Lines below starting with the line with "for centre, start, end" and going on through the line with "msp.add_arc(centre, 0.1, start, end, dxfattribs=at)" must be output exactly; the rest of the records must be left out.

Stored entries
== Segment start ==

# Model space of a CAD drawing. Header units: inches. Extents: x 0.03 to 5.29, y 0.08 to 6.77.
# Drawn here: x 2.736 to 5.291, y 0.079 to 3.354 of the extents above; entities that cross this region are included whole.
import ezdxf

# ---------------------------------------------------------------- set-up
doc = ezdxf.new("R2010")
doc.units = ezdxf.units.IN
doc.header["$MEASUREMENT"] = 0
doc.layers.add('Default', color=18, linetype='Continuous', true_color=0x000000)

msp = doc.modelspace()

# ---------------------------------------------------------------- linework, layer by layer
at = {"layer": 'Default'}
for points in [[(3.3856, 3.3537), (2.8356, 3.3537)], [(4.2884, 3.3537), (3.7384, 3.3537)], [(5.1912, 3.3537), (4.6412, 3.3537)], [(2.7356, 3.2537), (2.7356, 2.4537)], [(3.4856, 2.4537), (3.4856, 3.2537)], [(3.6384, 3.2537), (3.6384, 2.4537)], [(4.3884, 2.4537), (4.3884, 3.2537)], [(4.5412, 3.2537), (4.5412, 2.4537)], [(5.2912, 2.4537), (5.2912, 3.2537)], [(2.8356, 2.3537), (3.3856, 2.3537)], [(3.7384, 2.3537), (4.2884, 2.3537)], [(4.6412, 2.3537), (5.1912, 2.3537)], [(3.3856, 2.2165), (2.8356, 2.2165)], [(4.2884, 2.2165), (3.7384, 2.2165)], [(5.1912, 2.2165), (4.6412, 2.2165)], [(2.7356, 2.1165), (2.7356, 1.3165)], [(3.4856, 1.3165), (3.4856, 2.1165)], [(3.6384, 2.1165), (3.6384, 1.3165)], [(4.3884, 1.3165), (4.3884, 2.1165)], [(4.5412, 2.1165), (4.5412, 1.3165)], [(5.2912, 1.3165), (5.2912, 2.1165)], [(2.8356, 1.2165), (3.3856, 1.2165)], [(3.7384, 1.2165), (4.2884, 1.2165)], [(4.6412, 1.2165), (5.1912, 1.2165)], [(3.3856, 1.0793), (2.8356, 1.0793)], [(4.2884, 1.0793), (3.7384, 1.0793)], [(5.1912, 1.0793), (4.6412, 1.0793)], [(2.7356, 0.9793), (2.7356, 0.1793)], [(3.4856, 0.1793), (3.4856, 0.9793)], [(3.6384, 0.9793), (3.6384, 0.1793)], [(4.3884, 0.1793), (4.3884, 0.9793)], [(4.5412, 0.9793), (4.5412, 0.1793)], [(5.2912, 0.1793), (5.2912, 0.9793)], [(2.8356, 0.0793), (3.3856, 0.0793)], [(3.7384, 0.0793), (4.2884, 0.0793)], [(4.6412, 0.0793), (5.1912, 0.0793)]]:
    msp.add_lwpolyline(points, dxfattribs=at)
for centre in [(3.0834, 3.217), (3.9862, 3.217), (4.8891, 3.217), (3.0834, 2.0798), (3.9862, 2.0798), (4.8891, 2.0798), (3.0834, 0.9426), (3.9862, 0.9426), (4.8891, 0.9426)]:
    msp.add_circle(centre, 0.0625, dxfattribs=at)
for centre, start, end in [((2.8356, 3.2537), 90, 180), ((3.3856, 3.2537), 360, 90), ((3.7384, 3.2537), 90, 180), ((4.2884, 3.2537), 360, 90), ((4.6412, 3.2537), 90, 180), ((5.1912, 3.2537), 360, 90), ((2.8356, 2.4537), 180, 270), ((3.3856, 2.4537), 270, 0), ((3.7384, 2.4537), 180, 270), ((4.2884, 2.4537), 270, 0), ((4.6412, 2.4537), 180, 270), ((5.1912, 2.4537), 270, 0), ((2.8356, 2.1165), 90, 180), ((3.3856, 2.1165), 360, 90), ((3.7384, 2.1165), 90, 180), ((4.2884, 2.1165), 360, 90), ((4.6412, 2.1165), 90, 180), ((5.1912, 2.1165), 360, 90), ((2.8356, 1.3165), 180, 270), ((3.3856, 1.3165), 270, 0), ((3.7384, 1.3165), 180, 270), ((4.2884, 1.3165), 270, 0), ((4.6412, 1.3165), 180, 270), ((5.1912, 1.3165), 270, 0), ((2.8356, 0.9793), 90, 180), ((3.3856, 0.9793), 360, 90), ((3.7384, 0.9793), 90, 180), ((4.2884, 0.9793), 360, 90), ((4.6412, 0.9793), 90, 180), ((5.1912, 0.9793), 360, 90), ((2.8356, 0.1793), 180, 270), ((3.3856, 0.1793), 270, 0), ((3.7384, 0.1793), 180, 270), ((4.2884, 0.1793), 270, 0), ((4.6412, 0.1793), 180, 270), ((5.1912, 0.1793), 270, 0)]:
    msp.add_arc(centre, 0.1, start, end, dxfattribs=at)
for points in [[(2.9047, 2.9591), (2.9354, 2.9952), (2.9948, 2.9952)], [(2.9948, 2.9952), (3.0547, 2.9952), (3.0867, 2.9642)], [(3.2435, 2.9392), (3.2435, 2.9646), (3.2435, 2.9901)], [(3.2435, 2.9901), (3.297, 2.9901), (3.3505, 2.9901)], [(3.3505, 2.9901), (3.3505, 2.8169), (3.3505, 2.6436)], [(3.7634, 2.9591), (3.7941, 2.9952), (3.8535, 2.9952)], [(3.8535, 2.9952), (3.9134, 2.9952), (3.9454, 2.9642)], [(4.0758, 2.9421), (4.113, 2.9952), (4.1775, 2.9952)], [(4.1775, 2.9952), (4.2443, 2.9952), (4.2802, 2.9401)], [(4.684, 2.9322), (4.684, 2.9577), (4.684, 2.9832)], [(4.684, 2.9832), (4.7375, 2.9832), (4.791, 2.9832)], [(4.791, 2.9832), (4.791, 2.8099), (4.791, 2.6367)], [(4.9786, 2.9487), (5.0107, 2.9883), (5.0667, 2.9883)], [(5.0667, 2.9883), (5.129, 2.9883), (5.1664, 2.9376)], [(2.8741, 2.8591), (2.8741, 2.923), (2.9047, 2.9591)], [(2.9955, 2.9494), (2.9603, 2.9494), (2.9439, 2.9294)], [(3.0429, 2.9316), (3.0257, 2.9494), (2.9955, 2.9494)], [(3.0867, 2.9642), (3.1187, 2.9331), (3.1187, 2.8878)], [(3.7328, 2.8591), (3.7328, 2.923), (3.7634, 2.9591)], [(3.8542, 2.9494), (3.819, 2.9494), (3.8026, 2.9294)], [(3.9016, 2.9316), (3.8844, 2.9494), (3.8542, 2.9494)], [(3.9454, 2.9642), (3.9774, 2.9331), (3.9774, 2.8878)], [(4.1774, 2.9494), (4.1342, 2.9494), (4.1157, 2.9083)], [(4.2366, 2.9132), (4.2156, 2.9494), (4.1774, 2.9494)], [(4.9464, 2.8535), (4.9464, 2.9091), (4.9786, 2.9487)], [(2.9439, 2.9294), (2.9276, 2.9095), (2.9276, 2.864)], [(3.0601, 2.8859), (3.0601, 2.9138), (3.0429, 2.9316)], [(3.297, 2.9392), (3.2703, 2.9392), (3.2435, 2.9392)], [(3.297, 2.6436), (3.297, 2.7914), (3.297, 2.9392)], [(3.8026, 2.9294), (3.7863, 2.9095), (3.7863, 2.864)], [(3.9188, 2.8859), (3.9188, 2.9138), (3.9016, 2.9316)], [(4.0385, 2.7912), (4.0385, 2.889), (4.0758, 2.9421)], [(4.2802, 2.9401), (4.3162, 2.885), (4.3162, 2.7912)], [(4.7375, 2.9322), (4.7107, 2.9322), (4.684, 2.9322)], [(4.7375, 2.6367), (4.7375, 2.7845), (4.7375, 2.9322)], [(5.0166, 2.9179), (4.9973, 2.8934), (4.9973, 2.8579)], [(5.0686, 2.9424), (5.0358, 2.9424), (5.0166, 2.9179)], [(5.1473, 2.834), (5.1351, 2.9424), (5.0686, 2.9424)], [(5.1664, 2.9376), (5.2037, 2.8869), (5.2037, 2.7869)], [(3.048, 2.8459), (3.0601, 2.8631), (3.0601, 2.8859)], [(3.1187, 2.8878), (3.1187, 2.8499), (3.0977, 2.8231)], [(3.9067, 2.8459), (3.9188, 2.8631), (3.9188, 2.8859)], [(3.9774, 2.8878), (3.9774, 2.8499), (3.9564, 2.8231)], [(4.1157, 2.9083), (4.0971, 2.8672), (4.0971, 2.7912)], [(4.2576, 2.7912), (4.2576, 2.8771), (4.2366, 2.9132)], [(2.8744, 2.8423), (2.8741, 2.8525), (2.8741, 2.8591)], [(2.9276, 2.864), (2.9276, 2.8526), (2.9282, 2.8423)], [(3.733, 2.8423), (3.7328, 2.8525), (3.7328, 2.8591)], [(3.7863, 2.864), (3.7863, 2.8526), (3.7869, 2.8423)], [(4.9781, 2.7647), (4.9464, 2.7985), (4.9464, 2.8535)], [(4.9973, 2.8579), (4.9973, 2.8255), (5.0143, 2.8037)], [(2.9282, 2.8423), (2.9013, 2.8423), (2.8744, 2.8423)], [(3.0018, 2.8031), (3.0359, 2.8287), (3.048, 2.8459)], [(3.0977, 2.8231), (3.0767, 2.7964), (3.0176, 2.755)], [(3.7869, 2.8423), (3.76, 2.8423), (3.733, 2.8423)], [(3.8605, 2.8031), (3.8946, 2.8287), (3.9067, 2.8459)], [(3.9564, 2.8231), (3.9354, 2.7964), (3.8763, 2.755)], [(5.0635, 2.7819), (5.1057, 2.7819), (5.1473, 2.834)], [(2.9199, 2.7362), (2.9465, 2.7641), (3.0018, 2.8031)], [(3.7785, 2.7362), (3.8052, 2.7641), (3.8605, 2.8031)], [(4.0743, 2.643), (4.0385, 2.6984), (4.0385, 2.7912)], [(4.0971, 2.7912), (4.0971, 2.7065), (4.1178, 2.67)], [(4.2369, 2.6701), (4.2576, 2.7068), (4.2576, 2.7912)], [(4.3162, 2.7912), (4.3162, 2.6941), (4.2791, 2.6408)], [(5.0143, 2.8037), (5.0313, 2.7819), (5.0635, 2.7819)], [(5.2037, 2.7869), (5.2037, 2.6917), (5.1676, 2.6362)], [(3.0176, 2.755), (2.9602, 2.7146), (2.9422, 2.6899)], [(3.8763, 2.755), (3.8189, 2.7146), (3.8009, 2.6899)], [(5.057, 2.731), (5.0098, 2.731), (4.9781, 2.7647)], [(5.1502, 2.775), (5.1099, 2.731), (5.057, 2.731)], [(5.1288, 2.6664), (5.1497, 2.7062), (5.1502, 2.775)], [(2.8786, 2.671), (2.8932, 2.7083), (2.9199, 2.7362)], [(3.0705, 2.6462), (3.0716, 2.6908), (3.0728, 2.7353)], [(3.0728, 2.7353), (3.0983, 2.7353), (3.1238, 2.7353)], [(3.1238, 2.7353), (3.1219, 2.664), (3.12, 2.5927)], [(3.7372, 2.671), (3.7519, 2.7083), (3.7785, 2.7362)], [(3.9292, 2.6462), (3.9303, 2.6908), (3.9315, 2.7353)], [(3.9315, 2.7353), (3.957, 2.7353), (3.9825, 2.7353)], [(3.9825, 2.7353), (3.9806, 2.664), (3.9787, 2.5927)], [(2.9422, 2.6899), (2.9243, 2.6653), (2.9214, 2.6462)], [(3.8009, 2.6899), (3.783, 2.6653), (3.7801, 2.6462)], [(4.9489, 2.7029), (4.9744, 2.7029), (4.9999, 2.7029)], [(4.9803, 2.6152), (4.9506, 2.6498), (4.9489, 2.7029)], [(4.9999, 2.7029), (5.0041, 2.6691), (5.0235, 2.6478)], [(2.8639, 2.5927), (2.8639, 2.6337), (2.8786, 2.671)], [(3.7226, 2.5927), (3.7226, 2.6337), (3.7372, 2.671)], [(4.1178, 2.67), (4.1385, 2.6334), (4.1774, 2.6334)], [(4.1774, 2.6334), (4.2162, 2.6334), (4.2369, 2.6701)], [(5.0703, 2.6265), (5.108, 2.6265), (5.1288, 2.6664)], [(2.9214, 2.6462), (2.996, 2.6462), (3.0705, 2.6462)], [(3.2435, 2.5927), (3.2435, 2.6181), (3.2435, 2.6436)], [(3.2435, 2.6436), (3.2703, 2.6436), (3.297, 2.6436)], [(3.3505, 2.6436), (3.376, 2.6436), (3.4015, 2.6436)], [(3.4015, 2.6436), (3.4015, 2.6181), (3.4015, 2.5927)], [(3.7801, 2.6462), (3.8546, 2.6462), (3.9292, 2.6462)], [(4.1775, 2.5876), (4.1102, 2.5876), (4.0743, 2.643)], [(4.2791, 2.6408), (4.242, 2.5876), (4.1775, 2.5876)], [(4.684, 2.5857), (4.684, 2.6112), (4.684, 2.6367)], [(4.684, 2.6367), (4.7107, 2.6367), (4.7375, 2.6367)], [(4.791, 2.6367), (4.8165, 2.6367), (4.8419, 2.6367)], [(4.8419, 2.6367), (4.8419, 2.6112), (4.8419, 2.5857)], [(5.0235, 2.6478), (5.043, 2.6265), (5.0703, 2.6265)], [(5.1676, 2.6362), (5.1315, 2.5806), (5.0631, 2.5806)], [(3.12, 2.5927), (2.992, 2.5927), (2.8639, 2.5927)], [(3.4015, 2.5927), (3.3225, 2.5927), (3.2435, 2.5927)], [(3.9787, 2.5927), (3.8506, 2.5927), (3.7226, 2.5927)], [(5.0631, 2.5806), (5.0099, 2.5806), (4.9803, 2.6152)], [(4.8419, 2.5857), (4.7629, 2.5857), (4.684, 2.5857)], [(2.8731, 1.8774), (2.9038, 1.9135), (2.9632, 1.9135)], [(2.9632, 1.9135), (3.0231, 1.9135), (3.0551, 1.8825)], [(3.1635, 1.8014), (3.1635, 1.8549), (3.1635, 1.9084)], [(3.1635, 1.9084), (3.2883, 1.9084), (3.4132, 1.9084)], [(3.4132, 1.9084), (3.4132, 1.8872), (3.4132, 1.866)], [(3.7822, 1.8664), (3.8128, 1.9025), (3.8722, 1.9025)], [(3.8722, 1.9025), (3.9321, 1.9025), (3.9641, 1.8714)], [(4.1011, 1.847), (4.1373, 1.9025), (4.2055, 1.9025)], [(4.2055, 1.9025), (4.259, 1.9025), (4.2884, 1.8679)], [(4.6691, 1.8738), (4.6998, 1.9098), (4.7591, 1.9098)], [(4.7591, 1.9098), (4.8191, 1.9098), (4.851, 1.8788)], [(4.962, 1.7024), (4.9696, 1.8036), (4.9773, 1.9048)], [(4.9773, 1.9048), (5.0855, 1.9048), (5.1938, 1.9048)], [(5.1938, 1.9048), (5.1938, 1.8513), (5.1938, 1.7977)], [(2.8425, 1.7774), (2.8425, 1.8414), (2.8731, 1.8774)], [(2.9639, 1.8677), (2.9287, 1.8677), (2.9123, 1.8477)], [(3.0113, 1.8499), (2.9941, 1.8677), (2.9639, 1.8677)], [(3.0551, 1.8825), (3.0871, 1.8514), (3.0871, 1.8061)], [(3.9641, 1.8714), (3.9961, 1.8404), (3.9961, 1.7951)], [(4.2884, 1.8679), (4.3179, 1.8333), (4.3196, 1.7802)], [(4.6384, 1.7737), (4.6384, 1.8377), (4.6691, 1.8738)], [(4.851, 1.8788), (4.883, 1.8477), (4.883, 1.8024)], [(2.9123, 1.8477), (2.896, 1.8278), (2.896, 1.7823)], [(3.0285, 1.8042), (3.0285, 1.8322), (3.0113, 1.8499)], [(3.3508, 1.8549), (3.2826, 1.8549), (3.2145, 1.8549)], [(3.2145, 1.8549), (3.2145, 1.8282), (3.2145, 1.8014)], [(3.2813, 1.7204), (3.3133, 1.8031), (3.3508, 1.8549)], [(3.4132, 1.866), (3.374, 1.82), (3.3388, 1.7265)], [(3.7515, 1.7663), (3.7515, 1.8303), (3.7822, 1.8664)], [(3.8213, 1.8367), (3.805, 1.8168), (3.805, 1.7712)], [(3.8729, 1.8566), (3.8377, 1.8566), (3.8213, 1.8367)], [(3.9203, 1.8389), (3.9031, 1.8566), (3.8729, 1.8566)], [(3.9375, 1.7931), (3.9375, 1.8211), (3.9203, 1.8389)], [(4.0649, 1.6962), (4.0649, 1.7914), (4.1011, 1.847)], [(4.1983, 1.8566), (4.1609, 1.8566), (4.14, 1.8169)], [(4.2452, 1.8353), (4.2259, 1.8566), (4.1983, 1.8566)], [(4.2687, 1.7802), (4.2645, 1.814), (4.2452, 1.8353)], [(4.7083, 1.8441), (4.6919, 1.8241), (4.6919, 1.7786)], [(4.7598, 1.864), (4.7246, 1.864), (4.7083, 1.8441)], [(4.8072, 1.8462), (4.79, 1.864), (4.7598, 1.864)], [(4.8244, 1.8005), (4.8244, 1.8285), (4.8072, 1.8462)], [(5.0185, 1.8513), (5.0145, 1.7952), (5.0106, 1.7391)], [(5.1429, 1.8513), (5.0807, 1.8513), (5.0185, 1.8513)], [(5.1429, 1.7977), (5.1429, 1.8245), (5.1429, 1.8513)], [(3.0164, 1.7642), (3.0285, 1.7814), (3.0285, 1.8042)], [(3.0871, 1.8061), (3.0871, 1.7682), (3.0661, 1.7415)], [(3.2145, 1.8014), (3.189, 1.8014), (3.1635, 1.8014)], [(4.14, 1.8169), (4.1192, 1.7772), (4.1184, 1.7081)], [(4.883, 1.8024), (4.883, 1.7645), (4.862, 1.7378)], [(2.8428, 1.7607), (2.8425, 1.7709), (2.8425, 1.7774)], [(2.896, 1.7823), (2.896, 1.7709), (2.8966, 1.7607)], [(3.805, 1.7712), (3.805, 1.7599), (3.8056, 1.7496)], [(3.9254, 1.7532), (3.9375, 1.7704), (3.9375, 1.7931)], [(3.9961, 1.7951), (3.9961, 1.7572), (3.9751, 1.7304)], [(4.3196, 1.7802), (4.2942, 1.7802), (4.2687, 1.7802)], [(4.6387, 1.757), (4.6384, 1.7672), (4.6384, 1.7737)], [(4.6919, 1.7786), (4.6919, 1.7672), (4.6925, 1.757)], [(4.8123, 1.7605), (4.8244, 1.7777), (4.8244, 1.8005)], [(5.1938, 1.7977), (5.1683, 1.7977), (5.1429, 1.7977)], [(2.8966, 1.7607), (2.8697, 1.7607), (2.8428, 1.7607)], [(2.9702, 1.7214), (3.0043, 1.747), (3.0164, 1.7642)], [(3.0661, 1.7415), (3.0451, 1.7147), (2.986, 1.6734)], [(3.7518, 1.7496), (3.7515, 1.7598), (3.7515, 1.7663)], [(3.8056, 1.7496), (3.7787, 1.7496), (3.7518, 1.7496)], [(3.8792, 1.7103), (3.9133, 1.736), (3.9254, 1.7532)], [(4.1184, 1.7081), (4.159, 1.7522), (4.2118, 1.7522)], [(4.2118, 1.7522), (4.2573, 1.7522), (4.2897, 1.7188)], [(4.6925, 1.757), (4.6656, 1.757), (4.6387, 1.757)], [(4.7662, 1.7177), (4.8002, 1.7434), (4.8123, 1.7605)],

== Segment end ==

Your response -
for centre, start, end in [((2.8356, 3.2537), 90, 180), ((3.3856, 3.2537), 360, 90), ((3.7384, 3.2537), 90, 180), ((4.2884, 3.2537), 360, 90), ((4.6412, 3.2537), 90, 180), ((5.1912, 3.2537), 360, 90), ((2.8356, 2.4537), 180, 270), ((3.3856, 2.4537), 270, 0), ((3.7384, 2.4537), 180, 270), ((4.2884, 2.4537), 270, 0), ((4.6412, 2.4537), 180, 270), ((5.1912, 2.4537), 270, 0), ((2.8356, 2.1165), 90, 180), ((3.3856, 2.1165), 360, 90), ((3.7384, 2.1165), 90, 180), ((4.2884, 2.1165), 360, 90), ((4.6412, 2.1165), 90, 180), ((5.1912, 2.1165), 360, 90), ((2.8356, 1.3165), 180, 270), ((3.3856, 1.3165), 270, 0), ((3.7384, 1.3165), 180, 270), ((4.2884, 1.3165), 270, 0), ((4.6412, 1.3165), 180, 270), ((5.1912, 1.3165), 270, 0), ((2.8356, 0.9793), 90, 180), ((3.3856, 0.9793), 360, 90), ((3.7384, 0.9793), 90, 180), ((4.2884, 0.9793), 360, 90), ((4.6412, 0.9793), 90, 180), ((5.1912, 0.9793), 360, 90), ((2.8356, 0.1793), 180, 270), ((3.3856, 0.1793), 270, 0), ((3.7384, 0.1793), 180, 270), ((4.2884, 0.1793), 270, 0), ((4.6412, 0.1793), 180, 270), ((5.1912, 0.1793), 270, 0)]:
    msp.add_arc(centre, 0.1, start, end, dxfattribs=at)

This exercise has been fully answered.